On the note of bots and your denouncement of the Turing Test as a metric, I do remember an article on here a couple of days ago hinting that one of the biggest frustrations of customer service calls is dealing with scripted responses, bots if you will, instead of real humans.
I do wonder whether alleviating this user frustration will amount to passing some "similar" but possibly weaker test.
We think it's a good idea too ;) Machines and humans truly have different talents: machines are great at memory, keeping track of state, distributing information while people are great at understanding subtle nuance in natural language.
And in another 3-5 years, AI will start understanding subtle nuances too (probably) judging by the number of papers in computer language understanding.
Unfortunately "machines" (AI software, really) are really bad at nuance, subtle or blatant.
The number of papers in the field is a very good example of why: until you've read (enough of) them you have no idea what the state of the field is.
Edit: By this I mean that your assessment about the 3-5 years to "subtle nuance" is extremely, unrealistically optimistic.

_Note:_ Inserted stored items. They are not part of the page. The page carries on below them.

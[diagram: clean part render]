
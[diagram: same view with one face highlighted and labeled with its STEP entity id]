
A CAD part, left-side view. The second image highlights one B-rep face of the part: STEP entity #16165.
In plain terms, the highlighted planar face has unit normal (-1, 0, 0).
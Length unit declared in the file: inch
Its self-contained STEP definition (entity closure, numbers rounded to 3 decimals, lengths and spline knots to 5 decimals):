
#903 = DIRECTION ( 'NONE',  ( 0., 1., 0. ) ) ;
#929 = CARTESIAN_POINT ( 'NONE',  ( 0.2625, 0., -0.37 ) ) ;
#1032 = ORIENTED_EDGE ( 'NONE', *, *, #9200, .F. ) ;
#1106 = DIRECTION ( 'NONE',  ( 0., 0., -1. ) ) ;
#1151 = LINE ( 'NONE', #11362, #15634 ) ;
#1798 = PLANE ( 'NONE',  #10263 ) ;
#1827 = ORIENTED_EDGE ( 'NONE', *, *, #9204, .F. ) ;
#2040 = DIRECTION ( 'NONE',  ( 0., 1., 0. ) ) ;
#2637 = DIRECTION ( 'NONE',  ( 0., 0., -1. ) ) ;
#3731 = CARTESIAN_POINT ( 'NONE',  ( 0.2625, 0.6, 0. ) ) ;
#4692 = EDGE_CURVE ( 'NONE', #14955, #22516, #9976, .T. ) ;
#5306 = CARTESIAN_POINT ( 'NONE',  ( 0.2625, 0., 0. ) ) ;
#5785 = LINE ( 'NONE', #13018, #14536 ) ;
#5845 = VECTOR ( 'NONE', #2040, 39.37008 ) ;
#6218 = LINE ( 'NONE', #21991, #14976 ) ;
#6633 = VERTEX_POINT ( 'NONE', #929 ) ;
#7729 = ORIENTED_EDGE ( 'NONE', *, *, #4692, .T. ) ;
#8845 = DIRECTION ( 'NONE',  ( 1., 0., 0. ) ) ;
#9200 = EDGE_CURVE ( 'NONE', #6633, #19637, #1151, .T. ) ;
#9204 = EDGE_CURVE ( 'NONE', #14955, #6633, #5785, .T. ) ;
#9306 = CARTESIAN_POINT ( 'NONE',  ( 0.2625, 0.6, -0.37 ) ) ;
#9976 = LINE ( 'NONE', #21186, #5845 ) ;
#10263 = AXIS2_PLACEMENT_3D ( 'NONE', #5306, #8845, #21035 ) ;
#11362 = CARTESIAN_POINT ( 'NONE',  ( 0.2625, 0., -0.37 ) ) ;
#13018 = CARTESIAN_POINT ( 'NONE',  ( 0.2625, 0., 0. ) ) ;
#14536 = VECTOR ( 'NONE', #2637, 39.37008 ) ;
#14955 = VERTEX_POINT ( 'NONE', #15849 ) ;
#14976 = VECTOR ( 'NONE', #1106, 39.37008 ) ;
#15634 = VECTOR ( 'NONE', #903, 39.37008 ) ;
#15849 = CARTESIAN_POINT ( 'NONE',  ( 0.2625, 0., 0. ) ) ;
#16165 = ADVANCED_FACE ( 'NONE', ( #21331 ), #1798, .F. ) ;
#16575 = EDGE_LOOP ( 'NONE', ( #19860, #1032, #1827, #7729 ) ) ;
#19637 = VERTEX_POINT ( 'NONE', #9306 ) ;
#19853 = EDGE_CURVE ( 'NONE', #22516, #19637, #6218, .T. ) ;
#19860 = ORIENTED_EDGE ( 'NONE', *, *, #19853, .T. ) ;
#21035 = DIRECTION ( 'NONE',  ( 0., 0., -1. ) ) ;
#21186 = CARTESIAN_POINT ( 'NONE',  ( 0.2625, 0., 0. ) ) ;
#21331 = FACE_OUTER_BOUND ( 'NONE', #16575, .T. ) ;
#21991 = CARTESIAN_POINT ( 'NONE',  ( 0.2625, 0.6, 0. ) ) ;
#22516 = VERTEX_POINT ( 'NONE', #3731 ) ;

We're nowhere near AI understanding language. Try 300 to 500 years and you might be closer.
Even modern methods today (deep recurrent networks, etc.) can do pretty well with these kinds of tasks (a very large ontology for instance) if you have enough annotations of the nuance!
>> Even modern methods today (deep recurrent networks, etc.) can do pretty well with these kinds of tasks (a very large ontology for instance) if you have enough annotations of the nuance!
Where do you get that from? NLP, with neural networks or not, stays as safely away from meaning as is humanely possible while working in an area very closely connected to it.
Also, ontologies? Very few people are interested in that nowadays, though that includes the team that made Watson. The push is instead to do away with all that and rely on statistical approximation.
It's certainly possible. One advantage of our setup is that rather than getting ok -to- noisy labels from customers, our CRAs understand the end-goal of the application and generate pretty great data. We are also able to incentivize them to produce fewer errors.
Clara has a 1-hr SLA for the processing of an incoming message. While I cannot give numbers on the speed of annotators (or volume), I can say that our platform is designed to enable quick and accurate work via incentive mechanisms. We avoid fatigue in part by making it easy for CRAs to navigate and work with data. Wrt to overlapping annotator schemes, these are known to be effective. We'll be writing more about how our human backend works in future posts.
Thanks, in the future post would also be interested in the trade offs between building internal system vs. using a 3rd party (maybe you do?) like mechanical turk and the incentive structure.